Proposals for sessions will be accepted through the end of January, and voting will take place throughout February. Selections will be based on a combination of voting and recommendations from a "sounding board" of digital government leaders, Piazza said.

GSA gets money for civilian cyber campus

Deep in the mountain of paper that is the $1.1 trillion hybrid omnibus appropriations bill and continuing resolution is $35 million for the General Services Administration to establish a civilian cybersecurity campus in the Washington, D.C., area.

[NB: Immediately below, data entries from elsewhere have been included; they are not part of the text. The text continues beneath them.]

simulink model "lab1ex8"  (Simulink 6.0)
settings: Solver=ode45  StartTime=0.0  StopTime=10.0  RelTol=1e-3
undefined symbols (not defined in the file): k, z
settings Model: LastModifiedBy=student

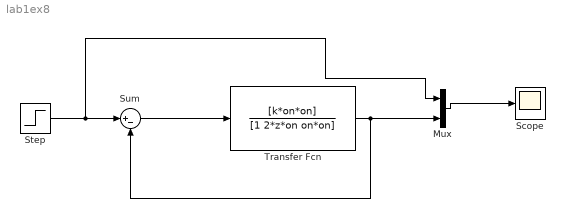
== system lab1ex8 ==
  Mux : Mux  Inputs=2
  Scope : Scope
  Step : Step  SampleTime=0
  Sum : Sum  Inputs=|+-
  Transfer Fcn : TransferFcn  Numerator=[k*on*on]  Denominator=[1 2*z*on on*on]
  wires:
  Transfer Fcn/1 -> Mux/2, Sum/2
  Mux/1 -> Scope/1
  Sum/1 -> Transfer Fcn/1
  Step/1 -> Sum/1, Mux/1
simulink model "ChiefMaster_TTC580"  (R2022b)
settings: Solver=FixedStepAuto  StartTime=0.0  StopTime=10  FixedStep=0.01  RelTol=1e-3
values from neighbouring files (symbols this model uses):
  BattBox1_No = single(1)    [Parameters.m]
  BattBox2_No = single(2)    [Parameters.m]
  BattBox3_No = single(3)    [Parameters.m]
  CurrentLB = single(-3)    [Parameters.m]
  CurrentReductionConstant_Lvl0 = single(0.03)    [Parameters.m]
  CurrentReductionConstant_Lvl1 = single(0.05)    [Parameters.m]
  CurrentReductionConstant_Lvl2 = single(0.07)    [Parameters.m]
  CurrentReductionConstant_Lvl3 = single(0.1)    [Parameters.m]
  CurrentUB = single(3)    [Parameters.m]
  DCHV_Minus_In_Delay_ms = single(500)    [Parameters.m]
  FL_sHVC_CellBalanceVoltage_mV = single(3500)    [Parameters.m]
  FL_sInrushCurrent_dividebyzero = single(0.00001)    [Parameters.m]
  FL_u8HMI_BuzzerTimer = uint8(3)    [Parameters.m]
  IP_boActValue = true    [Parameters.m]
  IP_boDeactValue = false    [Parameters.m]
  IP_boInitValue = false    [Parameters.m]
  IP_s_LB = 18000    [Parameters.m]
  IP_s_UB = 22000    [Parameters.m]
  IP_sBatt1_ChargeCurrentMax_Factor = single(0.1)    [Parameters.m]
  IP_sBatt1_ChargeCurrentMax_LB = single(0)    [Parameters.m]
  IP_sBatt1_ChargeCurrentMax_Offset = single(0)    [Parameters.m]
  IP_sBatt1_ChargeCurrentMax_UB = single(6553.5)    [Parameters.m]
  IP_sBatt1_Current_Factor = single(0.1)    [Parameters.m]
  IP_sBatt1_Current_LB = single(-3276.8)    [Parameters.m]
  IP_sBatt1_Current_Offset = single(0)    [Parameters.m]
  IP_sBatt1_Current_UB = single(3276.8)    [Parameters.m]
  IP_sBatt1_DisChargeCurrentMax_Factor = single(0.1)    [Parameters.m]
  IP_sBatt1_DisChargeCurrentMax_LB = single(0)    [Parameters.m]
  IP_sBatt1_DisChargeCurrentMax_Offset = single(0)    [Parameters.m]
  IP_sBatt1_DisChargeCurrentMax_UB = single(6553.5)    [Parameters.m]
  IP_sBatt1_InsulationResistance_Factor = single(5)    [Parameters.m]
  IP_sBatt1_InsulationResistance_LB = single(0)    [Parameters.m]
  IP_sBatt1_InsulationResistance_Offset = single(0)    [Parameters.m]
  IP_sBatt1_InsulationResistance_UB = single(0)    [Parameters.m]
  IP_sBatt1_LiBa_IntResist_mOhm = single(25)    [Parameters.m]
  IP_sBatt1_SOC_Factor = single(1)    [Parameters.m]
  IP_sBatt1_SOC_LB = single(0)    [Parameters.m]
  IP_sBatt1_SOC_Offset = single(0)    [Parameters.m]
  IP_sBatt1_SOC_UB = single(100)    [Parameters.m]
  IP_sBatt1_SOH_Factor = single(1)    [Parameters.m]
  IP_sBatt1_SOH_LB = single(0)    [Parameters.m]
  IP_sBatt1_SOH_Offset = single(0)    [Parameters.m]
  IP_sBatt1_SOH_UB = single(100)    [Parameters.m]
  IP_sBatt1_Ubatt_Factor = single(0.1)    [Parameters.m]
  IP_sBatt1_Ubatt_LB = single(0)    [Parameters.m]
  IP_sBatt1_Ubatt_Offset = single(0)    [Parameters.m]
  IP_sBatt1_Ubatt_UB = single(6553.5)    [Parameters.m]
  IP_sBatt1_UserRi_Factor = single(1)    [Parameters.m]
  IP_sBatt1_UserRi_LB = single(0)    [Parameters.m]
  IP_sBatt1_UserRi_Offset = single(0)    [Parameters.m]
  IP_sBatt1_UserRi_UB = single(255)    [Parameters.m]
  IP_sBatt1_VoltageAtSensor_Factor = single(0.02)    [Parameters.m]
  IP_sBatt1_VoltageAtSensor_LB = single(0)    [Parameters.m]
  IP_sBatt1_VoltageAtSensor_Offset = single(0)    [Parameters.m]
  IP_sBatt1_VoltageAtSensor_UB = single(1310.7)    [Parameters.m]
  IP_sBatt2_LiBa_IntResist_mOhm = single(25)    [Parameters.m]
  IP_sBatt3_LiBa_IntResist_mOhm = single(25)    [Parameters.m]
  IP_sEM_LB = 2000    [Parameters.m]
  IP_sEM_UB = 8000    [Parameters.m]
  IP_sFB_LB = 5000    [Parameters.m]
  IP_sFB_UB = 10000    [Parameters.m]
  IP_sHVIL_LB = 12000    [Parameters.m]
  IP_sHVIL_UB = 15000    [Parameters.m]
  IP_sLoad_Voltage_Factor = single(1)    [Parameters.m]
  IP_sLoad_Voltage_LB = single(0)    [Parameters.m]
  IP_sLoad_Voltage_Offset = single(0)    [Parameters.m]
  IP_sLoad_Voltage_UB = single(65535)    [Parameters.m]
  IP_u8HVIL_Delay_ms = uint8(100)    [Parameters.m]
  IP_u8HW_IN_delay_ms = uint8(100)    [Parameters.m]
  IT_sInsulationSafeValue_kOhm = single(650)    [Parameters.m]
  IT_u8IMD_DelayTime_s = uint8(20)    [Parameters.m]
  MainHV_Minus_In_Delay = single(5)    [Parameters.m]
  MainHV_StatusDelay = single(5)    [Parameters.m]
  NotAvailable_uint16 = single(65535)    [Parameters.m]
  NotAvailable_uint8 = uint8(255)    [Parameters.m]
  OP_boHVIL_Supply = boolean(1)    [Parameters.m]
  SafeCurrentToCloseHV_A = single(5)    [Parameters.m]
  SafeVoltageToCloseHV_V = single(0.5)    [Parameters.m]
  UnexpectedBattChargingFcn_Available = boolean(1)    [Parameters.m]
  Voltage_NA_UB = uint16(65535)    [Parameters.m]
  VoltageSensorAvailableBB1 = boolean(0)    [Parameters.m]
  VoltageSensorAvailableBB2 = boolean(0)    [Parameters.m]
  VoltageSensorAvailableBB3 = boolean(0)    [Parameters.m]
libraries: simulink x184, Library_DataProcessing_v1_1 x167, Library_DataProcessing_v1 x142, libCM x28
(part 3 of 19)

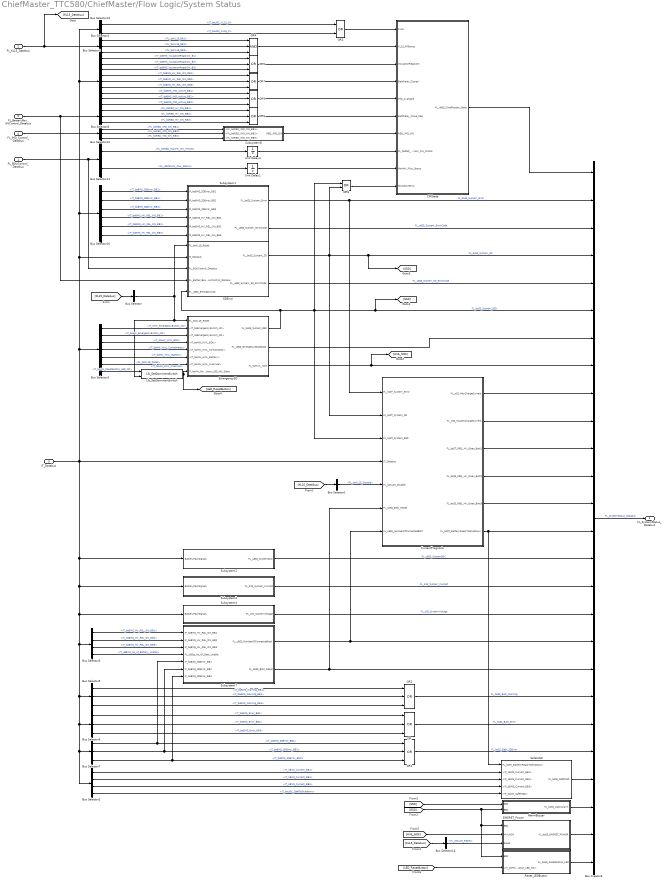
== system ChiefMaster_TTC580/ChiefMaster/Flow Logic/System Status ==
  FL_BDUControl_Databus : Inport
  FL_KL15_Databus : Inport  Port=2
  IT_Databus : Inport  Port=3
  FL_IMD_Control_Databus : Inport  Port=4
  FL_BatteryBox_HVControl_Databus : Inport  Port=5
  AlarmBuzzer : Subsystem
  Bus Creator6 : BusCreator  Inputs=26
  Bus Selector : BusSelector  OutputSignals=FL_boKL15_Reset
  Bus Selector1 : BusSelector  OutputSignals=FL_boKL15_Disable
  Bus Selector10 : BusSelector  OutputSignals=IT_BatterySignal_Databus.IT_boBMS_SDError_BB1,IT_BatterySignal_Databus.IT_boBMS_SDError_BB2,IT_BatterySignal_Databus.IT_boBMS_SDError_BB3,IT_BatterySignal_Databus.IT_boBMS_HV_REL_ON_BB1,IT_BatterySignal_Databus.IT_boBMS_HV_REL_ON_BB2,IT_BatterySignal_Databus.IT_boBMS_HV_REL_ON_BB3
  Bus Selector11 : BusSelector  OutputSignals=FL_boREQ_MainHV_ON_MINUS,FL_u8MainHV_Plus_Status
  Bus Selector12 : BusSelector  OutputSignals=FL_boREQ_IMD_ON_BB1,FL_boREQ_IMD_ON_BB2,FL_boREQ_IMD_ON_BB3
  Bus Selector13 : BusSelector  OutputSignals=IT_UDC_Databus.IT_boUDC_KL15_D,IT_UDC_Databus.IT_boUDC_KL15_C
  Bus Selector14 : BusSelector  OutputSignals=FL_boKL15_Reset
  Bus Selector2 : BusSelector  OutputSignals=IT_BatterySignal_Databus.IT_sBMS_Current_BB1,IT_BatterySignal_Databus.IT_sBMS_Current_BB2,IT_BatterySignal_Databus.IT_sBMS_Current_BB3,IT_UDC_Databus.IT_boUDC_SafeToShutdown
  Bus Selector3 : BusSelector  OutputSignals=IT_HW_Input_Databus.IT_sHW_EmergencyButton_NC,IT_HW_Input_Databus.IT_boHW_EmergencyButton_NO,IT_HW_Input_Databus.IT_boHW_HVIL_BDU,IT_HW_Input_Databus.IT_boHW_HVIL_Components,IT_HW_Input_Databus.IT_boHW_HVIL_Battery,IT_HW_Input_Databus.IT_boHW_HVIL_Overrule,IT_HW_Input_Databus.IT_boHW_ResetButton_LED_NO
  "Bus Selector3 " : BusSelector  OutputSignals=IT_BatterySignal_Databus.IT_boBMS_HV_REL_ON_BB1,IT_BatterySignal_Databus.IT_boBMS_HV_REL_ON_BB2,IT_BatterySignal_Databus.IT_boBMS_HV_REL_ON_BB3,IT_BatterySignal_Databus.IT_u8BMS_No_of_Battery_Usable
  Bus Selector4 : BusSelector  OutputSignals=FL_boKL15_BB1,FL_boKL15_BB2,FL_boKL15_BB3
  Bus Selector5 : BusSelector  OutputSignals=IT_BatterySignal_Databus.IT_boBMS_Warning_BB1,IT_BatterySignal_Databus.IT_boBMS_Warning_BB2,IT_BatterySignal_Databus.IT_boBMS_Warning_BB3
  Bus Selector6 : BusSelector  OutputSignals=IT_BatterySignal_Databus.IT_boBMS_Error_BB1,IT_BatterySignal_Databus.IT_boBMS_Error_BB2,IT_BatterySignal_Databus.IT_boBMS_Error_BB3
  Bus Selector7 : BusSelector  OutputSignals=IT_BatterySignal_Databus.IT_boBMS_SDError_BB1,IT_BatterySignal_Databus.IT_boBMS_SDError_BB2,IT_BatterySignal_Databus.IT_boBMS_SDError_BB3
  Bus Selector8 : BusSelector  OutputSignals=FL_boREQ_HV_ON_BB1,FL_boREQ_HV_ON_BB2,FL_boREQ_HV_ON_BB3
  Bus Selector9 : BusSelector  OutputSignals=IT_BatterySignal_Databus.IT_boBMS_InsulationReadyOK_B1,IT_BatterySignal_Databus.IT_boBMS_InsulationReadyOK_B2,IT_BatterySignal_Databus.IT_boBMS_InsulationReadyOK_B3,IT_BatterySignal_Databus.IT_boBMS_HV_REL_ON_BB1,IT_BatterySignal_Databus.IT_boBMS_HV_REL_ON_BB2,IT_BatterySignal_Databus.IT_boBMS_HV_REL_ON_BB3,IT_BatterySignal_Databus.IT_boBMS_IMD_Active_BB1,IT_BatterySignal_Databus.IT_boBMS_IMD_Active_BB2,IT_BatterySignal_Databus.IT_boBMS_IMD_Active_BB3
  CMState : Subsystem  TreatAsAtomicUnit=on
      settings: RTWFcnNameOpts=Use subsystem name  RTWFileNameOpts=Use subsystem name
  CurrentPrognosis : Subsystem
  EMSRET_Power : Subsystem  TreatAsAtomicUnit=on
      settings: RTWFcnNameOpts=Use subsystem name  RTWFileNameOpts=Use subsystem name
  EmergencySD : Subsystem  TreatAsAtomicUnit=on
      settings: RTWFcnNameOpts=Use subsystem name  RTWFileNameOpts=Use subsystem name
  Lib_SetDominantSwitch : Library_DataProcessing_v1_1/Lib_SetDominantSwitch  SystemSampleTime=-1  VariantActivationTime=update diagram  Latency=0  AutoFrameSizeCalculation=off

GSA Administrator Dan Tangherlini requested the money with the goal of combining some public-facing cyber incident response operations under a single multi-agency roof.

The $35 million is allocated under GSA's Federal Buildings Fund and is part of a larger pool of $509.7 million earmarked for construction and acquisition, sites and expenses, and associated design services.

In March, Tangherlini said the requested allocation would allow his agency to begin planning the design of a civilian campus that would co-locate cyber incident response teams from multiple civilian agencies, including the departments of Homeland Security and Justice. The request sought to move those teams out of more than 600,000 square feet of leased office space in the D.C. area and consolidate them in a yet-to-be-identified federally owned building in the region.

The plan is not part of DHS' ongoing headquarters consolidation at the St. Elizabeths campus in southeastern Washington.

GSA's Kevin Donahue to return to D.C. government

Kevin Donahue, director of the Performance Improvement Council at the General Services Administration, has accepted the post of deputy city administrator of Washington, D.C., under incoming Mayor Muriel Bowser.

Donahue previously worked for D.C. government under former city administrator Dan Tangherlini, who is now GSA's top official. Donahue followed Tangherlini into the Obama administration and served as Tangherlini's deputy at the Treasury Department and then at GSA.

Bowser said Donahue would be reviving the CapStat program he led under former D.C. Mayor Adrian Fenty. CapStat is a data-driven approach to delivering government services.

Sandia, Illini ink collaboration deal

The University of Illinois and the Energy Department's Sandia National Laboratories have signed a five-year agreement aimed at advancing collaboration and information sharing between the two organizations.

According to a joint statement, the agreement "aims to solve science and technology problems of national importance" by allowing the university's students and faculty to work at Sandia and allowing the lab to recruit top graduate students, postdoctoral fellows and faculty.

The agreement also seeks to increase the transfer of new technology from Sandia to the university and on to the private and federal sectors.

"This partnership will help the University of Illinois establish a firm foothold in emerging technical arenas such as digital manufacturing and data science, and it provides Sandia a clear conduit to the technical and human capabilities on this campus," said Jeffrey Binder, director of the university's Applied Research Institute.

Sandia and university officials said they plan to significantly increase interactions between the two campuses by spring 2015. The Applied Research Institute will host Sandia at its facility in Champaign, Ill., while Sandia will establish a university outreach office on its premises in Albuquerque, N.M.